Activity
For the entries below, state how many lines include the string "pendulo", and write nothing besides that number.

.....

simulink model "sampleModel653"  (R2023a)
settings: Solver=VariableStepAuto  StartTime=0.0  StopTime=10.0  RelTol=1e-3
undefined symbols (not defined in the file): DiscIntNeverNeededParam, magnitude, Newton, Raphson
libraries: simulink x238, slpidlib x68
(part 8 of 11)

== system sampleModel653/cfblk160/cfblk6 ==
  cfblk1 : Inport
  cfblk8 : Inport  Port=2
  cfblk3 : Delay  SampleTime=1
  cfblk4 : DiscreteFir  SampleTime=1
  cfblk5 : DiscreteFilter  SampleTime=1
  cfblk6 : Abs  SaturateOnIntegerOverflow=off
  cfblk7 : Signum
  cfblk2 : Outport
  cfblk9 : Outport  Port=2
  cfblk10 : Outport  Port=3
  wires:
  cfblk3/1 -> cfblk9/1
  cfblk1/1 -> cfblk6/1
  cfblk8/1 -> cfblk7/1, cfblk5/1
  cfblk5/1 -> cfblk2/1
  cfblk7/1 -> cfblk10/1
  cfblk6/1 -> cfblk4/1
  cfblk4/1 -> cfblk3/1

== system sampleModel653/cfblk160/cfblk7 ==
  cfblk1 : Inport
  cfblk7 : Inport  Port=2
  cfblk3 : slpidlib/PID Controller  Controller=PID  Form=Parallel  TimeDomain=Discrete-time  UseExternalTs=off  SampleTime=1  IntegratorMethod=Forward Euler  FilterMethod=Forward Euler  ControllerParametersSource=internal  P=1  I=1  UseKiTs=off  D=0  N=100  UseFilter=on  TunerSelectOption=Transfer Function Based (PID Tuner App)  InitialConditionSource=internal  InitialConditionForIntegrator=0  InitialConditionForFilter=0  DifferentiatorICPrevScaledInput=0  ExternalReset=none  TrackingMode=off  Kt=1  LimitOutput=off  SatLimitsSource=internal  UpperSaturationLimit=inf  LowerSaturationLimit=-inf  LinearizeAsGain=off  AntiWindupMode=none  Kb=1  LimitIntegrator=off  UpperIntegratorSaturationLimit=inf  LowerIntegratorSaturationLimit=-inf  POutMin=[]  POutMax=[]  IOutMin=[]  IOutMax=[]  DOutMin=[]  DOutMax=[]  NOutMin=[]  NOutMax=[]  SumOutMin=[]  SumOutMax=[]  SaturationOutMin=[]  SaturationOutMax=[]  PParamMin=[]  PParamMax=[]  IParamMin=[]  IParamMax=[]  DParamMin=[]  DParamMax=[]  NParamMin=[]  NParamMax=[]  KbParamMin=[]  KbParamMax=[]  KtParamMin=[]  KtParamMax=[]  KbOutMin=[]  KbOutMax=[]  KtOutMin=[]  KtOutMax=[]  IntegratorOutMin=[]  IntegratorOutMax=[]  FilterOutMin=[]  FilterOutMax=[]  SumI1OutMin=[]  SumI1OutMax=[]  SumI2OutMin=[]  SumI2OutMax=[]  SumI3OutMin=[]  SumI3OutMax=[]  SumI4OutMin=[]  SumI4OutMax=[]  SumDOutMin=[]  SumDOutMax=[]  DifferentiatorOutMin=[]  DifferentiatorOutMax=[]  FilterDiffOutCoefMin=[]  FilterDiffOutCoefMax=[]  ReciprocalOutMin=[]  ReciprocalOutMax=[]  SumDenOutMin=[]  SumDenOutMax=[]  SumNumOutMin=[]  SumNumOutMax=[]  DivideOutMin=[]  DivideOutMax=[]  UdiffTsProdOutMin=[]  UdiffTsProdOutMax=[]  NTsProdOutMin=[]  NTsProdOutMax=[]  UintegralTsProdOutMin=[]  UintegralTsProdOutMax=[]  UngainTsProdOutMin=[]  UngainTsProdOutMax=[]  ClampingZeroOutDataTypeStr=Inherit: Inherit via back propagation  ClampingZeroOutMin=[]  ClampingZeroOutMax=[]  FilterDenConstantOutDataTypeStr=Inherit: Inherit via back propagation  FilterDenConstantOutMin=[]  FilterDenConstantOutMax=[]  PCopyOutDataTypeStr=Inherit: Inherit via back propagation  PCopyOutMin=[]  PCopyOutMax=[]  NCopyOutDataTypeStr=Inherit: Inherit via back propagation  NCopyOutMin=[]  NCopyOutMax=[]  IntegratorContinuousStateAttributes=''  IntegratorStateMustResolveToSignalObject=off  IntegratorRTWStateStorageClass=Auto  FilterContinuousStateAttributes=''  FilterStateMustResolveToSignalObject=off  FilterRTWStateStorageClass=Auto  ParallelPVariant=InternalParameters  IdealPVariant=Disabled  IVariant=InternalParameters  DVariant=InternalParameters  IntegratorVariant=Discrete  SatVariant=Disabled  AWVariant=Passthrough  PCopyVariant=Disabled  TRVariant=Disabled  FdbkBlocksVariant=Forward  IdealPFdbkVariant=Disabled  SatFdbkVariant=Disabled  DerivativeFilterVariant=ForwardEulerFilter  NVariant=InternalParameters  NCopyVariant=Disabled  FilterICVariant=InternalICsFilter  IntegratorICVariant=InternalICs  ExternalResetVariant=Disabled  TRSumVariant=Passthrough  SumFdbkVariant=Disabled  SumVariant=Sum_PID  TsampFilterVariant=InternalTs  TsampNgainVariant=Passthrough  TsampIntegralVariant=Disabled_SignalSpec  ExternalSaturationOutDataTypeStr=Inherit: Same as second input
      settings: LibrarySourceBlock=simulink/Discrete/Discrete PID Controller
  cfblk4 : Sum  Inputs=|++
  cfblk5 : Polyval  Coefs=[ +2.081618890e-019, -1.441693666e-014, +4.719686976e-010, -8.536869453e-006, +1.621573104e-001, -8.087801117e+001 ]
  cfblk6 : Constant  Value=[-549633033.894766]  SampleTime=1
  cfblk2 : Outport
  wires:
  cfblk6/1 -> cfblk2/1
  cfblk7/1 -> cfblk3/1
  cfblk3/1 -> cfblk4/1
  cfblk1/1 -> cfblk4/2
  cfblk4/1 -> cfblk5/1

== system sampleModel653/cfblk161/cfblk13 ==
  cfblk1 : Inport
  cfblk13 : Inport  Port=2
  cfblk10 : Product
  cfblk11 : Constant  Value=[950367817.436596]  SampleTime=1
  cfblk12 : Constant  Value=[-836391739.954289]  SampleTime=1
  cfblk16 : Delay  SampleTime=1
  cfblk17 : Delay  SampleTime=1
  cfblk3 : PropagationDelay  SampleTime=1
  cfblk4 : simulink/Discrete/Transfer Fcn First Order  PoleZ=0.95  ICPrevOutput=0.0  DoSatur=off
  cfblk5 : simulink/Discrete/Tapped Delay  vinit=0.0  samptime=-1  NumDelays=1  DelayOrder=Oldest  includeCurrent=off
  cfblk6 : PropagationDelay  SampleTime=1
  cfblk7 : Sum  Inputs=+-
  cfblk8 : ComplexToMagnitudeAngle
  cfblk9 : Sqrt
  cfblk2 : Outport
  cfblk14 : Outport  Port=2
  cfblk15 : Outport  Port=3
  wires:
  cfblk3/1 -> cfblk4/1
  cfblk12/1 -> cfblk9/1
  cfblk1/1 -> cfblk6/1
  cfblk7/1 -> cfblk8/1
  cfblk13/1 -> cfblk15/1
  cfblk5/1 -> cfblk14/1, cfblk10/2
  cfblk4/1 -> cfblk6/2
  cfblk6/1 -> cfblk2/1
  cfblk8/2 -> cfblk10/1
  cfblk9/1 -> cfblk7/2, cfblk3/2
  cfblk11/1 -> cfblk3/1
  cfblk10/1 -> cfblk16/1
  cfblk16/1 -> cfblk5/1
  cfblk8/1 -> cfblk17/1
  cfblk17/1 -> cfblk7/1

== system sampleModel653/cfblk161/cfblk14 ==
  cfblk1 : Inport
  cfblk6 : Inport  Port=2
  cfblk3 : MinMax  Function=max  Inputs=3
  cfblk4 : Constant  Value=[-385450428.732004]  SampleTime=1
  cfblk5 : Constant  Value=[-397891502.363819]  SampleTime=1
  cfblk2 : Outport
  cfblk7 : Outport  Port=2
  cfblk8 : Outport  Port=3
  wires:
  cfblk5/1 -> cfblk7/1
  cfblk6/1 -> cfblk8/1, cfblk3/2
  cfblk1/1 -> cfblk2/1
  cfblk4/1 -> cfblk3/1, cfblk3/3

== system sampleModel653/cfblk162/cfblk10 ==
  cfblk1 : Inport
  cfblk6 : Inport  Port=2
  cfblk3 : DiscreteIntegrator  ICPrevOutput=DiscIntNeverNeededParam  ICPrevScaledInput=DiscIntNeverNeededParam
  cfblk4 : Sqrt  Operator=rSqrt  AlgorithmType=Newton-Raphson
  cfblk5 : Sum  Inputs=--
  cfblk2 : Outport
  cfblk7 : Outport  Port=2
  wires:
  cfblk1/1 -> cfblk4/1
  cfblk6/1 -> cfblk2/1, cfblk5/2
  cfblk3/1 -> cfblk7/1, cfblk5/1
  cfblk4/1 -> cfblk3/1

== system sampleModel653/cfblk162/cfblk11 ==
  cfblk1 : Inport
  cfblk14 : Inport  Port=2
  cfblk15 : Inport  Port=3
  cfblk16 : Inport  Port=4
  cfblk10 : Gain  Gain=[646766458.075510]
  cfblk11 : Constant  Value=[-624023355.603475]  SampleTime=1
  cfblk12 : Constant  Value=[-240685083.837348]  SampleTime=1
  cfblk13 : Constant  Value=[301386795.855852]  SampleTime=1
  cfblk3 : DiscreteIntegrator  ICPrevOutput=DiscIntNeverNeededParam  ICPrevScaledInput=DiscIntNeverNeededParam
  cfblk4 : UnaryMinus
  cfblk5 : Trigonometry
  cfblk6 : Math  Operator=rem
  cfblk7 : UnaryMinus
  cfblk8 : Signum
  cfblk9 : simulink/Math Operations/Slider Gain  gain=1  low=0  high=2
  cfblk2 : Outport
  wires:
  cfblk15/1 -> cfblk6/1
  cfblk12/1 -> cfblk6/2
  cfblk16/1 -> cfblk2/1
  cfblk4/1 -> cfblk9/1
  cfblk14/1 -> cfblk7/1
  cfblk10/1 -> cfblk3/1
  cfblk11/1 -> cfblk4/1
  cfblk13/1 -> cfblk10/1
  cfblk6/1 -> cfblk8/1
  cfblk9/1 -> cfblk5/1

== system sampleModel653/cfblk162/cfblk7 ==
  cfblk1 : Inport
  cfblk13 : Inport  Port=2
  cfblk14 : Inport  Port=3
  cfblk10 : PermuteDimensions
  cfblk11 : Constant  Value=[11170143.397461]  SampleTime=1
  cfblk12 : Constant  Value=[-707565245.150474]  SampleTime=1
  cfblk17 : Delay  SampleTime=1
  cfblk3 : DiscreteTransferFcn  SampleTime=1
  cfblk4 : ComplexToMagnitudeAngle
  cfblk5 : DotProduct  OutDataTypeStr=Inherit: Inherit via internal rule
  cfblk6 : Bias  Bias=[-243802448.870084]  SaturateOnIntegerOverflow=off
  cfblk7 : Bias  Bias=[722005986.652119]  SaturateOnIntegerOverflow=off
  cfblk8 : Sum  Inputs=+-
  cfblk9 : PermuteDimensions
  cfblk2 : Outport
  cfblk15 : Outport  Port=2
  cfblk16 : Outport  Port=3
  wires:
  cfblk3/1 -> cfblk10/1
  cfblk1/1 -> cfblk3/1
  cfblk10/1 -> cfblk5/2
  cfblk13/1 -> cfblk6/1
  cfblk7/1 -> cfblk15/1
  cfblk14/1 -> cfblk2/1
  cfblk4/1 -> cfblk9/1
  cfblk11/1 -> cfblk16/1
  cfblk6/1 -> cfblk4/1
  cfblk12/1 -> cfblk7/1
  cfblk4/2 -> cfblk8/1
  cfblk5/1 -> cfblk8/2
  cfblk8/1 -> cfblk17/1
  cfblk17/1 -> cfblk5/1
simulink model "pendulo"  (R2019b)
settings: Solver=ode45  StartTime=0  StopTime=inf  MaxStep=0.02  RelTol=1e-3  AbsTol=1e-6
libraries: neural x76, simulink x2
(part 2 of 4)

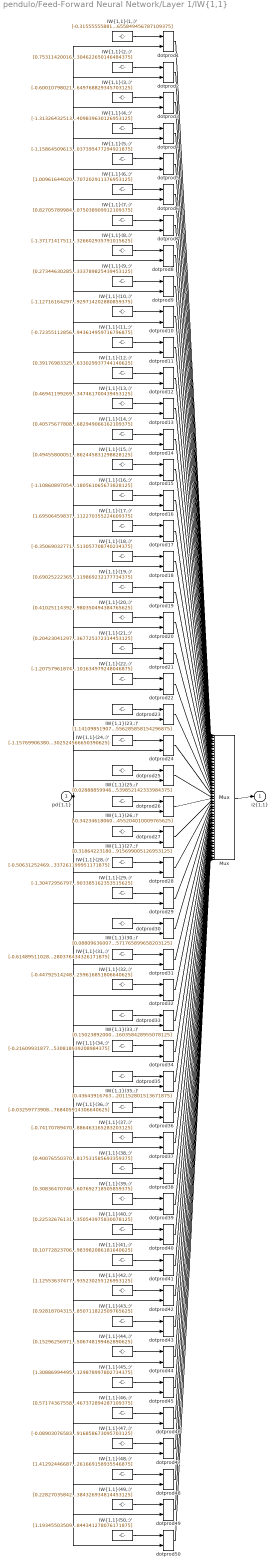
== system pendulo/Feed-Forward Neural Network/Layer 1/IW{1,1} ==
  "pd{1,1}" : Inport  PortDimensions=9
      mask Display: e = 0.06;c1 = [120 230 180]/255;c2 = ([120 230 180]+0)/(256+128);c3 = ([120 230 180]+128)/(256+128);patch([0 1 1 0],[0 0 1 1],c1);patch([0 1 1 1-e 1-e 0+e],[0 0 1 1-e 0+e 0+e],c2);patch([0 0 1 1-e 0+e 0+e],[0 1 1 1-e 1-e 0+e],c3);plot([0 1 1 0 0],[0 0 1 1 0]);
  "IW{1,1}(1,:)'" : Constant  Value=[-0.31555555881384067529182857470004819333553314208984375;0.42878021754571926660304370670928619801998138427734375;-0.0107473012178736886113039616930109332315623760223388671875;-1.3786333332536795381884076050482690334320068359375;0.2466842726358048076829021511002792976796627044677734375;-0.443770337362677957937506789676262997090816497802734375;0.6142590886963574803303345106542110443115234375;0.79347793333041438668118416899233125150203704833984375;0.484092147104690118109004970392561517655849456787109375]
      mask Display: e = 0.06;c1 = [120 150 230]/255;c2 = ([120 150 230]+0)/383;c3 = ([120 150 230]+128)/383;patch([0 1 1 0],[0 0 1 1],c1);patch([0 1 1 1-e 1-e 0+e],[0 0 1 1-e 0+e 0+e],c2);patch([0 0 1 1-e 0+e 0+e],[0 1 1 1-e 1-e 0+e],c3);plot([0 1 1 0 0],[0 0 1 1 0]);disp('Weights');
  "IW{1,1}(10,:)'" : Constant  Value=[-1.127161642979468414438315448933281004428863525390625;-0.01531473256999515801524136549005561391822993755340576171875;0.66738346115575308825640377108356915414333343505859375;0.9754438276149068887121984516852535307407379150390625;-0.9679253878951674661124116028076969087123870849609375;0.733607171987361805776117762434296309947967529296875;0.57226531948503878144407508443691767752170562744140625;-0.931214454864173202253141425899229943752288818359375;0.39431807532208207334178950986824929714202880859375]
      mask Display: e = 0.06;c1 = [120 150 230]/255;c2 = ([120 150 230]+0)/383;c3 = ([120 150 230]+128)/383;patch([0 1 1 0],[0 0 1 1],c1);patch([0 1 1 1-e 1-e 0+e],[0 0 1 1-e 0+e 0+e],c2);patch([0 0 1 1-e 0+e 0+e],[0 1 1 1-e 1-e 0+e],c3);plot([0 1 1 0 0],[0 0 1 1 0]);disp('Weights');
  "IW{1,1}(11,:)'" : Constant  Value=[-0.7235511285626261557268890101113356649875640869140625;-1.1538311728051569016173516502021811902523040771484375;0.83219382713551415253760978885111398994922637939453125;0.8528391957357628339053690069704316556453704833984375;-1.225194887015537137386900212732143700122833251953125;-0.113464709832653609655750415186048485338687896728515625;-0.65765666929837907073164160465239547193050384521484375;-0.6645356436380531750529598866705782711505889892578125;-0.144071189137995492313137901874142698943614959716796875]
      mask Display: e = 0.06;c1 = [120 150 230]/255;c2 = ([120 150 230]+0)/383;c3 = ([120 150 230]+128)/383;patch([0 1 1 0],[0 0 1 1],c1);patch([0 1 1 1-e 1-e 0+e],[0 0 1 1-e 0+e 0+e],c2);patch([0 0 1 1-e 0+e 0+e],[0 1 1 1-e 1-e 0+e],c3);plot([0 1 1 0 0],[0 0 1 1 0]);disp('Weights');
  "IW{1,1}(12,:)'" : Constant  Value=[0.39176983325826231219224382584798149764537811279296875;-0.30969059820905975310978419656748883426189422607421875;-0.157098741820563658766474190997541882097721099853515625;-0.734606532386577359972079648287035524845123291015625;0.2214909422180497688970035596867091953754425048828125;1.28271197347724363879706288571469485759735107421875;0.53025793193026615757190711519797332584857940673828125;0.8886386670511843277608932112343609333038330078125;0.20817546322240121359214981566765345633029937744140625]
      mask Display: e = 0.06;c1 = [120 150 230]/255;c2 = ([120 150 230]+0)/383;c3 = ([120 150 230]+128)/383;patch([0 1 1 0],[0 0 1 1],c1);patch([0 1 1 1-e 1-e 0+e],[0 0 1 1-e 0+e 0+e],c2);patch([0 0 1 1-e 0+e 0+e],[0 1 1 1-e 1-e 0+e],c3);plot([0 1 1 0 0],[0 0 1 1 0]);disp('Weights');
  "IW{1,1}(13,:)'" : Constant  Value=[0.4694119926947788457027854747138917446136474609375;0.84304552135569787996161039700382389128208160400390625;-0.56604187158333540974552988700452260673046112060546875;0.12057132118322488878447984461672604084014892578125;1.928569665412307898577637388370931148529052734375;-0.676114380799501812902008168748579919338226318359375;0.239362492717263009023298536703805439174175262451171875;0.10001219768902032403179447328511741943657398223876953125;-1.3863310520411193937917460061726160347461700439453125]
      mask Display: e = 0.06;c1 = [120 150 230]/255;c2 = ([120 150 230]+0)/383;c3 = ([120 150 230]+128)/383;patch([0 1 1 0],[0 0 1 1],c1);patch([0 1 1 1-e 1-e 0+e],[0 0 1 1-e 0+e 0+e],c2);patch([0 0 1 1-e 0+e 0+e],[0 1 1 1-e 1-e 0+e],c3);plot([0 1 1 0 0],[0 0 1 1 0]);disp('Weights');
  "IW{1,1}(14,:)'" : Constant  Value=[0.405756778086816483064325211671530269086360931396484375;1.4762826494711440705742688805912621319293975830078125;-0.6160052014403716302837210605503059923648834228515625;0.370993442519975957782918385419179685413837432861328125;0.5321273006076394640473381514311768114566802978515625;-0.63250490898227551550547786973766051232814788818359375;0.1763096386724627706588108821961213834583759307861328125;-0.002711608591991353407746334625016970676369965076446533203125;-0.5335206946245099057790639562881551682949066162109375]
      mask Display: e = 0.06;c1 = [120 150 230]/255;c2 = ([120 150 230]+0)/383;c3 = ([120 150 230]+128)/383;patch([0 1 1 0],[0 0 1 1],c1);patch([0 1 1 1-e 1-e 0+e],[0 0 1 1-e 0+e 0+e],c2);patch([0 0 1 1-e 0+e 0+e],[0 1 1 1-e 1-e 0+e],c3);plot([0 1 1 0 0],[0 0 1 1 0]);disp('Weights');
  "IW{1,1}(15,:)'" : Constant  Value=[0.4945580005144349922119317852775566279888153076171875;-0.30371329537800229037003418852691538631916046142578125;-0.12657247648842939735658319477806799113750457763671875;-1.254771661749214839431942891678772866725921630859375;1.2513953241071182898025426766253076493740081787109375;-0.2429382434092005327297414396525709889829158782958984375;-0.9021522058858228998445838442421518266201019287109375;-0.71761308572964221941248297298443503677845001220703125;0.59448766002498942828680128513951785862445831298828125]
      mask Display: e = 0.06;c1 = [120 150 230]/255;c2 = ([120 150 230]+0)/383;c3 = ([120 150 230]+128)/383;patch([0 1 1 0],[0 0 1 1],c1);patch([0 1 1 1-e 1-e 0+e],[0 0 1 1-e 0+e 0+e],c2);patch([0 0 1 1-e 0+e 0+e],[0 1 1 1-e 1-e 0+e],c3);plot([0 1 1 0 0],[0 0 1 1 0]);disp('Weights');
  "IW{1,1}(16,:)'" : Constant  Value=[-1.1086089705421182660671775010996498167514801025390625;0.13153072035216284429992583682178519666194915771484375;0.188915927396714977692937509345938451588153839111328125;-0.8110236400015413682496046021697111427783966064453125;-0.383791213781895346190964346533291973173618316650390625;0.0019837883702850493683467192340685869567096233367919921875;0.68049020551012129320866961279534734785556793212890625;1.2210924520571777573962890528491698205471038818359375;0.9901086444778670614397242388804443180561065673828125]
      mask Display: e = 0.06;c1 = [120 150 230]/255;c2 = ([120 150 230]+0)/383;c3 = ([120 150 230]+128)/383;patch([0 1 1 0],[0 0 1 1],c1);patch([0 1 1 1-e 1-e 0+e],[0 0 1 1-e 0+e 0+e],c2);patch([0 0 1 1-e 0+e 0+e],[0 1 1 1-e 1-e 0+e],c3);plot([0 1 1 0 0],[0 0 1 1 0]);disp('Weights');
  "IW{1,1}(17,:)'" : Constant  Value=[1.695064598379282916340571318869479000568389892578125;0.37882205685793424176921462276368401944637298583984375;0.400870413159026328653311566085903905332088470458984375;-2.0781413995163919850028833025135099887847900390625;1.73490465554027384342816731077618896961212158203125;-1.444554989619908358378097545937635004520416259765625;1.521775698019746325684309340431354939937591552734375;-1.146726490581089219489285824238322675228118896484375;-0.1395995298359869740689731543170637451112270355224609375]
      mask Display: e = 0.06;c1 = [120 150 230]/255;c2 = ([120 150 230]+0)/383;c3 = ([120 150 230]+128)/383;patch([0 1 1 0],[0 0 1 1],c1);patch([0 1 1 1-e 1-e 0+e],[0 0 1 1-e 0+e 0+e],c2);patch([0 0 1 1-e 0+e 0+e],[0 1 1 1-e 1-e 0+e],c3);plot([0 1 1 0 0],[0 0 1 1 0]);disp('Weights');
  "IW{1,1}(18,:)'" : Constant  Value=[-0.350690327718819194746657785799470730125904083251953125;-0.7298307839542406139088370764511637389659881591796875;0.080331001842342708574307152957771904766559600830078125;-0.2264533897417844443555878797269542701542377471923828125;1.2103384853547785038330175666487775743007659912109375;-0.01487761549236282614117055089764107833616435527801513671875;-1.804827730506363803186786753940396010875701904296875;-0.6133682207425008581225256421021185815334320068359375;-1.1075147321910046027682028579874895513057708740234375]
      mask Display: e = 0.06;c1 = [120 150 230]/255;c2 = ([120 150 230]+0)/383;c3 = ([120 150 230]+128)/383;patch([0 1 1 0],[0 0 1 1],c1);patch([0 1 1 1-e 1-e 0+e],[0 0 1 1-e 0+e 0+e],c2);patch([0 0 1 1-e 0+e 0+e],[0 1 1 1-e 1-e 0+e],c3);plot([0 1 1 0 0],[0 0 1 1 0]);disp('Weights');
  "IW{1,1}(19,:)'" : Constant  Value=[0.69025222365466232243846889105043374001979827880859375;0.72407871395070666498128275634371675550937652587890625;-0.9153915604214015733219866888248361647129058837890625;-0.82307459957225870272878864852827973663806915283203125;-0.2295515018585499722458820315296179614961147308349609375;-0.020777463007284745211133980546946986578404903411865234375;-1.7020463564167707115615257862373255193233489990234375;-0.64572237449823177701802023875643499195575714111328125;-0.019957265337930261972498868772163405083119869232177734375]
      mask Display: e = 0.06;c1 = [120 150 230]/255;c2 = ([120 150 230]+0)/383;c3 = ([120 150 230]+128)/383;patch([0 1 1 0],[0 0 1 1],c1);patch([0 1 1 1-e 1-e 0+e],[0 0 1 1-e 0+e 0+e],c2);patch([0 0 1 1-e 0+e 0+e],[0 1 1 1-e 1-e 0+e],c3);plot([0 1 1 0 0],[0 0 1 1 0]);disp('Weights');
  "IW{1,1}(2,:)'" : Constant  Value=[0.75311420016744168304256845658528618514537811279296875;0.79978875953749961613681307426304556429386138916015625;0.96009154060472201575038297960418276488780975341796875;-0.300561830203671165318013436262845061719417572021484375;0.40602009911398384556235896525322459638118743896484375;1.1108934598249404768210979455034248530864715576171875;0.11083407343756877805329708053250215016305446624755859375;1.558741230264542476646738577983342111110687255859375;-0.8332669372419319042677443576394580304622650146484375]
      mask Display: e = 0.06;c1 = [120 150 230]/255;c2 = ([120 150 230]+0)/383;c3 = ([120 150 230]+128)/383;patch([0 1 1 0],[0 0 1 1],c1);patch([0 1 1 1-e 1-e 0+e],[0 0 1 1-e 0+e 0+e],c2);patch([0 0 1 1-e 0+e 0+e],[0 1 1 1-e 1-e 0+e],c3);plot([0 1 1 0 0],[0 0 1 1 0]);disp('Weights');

.....

Task output
2